_How to complete this task_
Write the listing out again verbatim, leaving nothing out.

_Given records_
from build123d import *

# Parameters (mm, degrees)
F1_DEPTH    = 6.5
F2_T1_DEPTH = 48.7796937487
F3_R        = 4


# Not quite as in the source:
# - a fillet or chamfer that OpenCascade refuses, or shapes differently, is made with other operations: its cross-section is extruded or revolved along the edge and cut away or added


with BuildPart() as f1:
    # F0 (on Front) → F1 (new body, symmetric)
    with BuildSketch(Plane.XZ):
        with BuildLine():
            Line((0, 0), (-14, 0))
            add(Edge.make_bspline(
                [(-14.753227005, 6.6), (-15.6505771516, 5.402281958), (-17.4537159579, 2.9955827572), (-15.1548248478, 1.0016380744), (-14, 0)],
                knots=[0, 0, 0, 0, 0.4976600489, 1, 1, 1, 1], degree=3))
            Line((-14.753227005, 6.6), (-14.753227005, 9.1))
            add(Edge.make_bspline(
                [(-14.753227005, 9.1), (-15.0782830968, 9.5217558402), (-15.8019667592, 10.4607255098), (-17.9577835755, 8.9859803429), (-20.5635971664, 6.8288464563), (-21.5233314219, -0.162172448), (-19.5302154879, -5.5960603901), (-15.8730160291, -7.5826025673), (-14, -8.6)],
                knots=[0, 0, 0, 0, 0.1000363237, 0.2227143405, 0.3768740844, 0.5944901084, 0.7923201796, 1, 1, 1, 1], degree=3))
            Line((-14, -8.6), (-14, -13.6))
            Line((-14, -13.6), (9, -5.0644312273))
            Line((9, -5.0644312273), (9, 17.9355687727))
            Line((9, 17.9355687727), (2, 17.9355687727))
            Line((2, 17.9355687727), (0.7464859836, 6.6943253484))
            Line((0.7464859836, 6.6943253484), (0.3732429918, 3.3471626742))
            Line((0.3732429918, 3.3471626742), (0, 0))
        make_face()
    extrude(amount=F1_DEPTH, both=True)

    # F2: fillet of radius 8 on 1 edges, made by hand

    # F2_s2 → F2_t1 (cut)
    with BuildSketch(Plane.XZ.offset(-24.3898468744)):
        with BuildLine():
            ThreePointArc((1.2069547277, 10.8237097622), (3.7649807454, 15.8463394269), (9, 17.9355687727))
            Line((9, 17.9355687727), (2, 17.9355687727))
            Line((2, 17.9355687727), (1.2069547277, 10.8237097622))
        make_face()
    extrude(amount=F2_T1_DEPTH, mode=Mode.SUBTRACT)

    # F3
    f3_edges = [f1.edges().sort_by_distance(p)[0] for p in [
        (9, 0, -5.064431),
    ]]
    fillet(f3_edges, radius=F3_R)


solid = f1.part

_Result below_
from build123d import *

# Parameters (mm, degrees)
F1_DEPTH    = 6.5
F2_T1_DEPTH = 48.7796937487
F3_R        = 4


# Not quite as in the source:
# - a fillet or chamfer that OpenCascade refuses, or shapes differently, is made with other operations: its cross-section is extruded or revolved along the edge and cut away or added


with BuildPart() as f1:
    # F0 (on Front) → F1 (new body, symmetric)
    with BuildSketch(Plane.XZ):
        with BuildLine():
            Line((0, 0), (-14, 0))
            add(Edge.make_bspline(
                [(-14.753227005, 6.6), (-15.6505771516, 5.402281958), (-17.4537159579, 2.9955827572), (-15.1548248478, 1.0016380744), (-14, 0)],
                knots=[0, 0, 0, 0, 0.4976600489, 1, 1, 1, 1], degree=3))
            Line((-14.753227005, 6.6), (-14.753227005, 9.1))
            add(Edge.make_bspline(
                [(-14.753227005, 9.1), (-15.0782830968, 9.5217558402), (-15.8019667592, 10.4607255098), (-17.9577835755, 8.9859803429), (-20.5635971664, 6.8288464563), (-21.5233314219, -0.162172448), (-19.5302154879, -5.5960603901), (-15.8730160291, -7.5826025673), (-14, -8.6)],
                knots=[0, 0, 0, 0, 0.1000363237, 0.2227143405, 0.3768740844, 0.5944901084, 0.7923201796, 1, 1, 1, 1], degree=3))
            Line((-14, -8.6), (-14, -13.6))
            Line((-14, -13.6), (9, -5.0644312273))
            Line((9, -5.0644312273), (9, 17.9355687727))
            Line((9, 17.9355687727), (2, 17.9355687727))
            Line((2, 17.9355687727), (0.7464859836, 6.6943253484))
            Line((0.7464859836, 6.6943253484), (0.3732429918, 3.3471626742))
            Line((0.3732429918, 3.3471626742), (0, 0))
        make_face()
    extrude(amount=F1_DEPTH, both=True)

    # F2: fillet of radius 8 on 1 edges, made by hand

    # F2_s2 → F2_t1 (cut)
    with BuildSketch(Plane.XZ.offset(-24.3898468744)):
        with BuildLine():
            ThreePointArc((1.2069547277, 10.8237097622), (3.7649807454, 15.8463394269), (9, 17.9355687727))
            Line((9, 17.9355687727), (2, 17.9355687727))
            Line((2, 17.9355687727), (1.2069547277, 10.8237097622))
        make_face()
    extrude(amount=F2_T1_DEPTH, mode=Mode.SUBTRACT)

    # F3
    f3_edges = [f1.edges().sort_by_distance(p)[0] for p in [
        (9, 0, -5.064431),
    ]]
    fillet(f3_edges, radius=F3_R)


solid = f1.part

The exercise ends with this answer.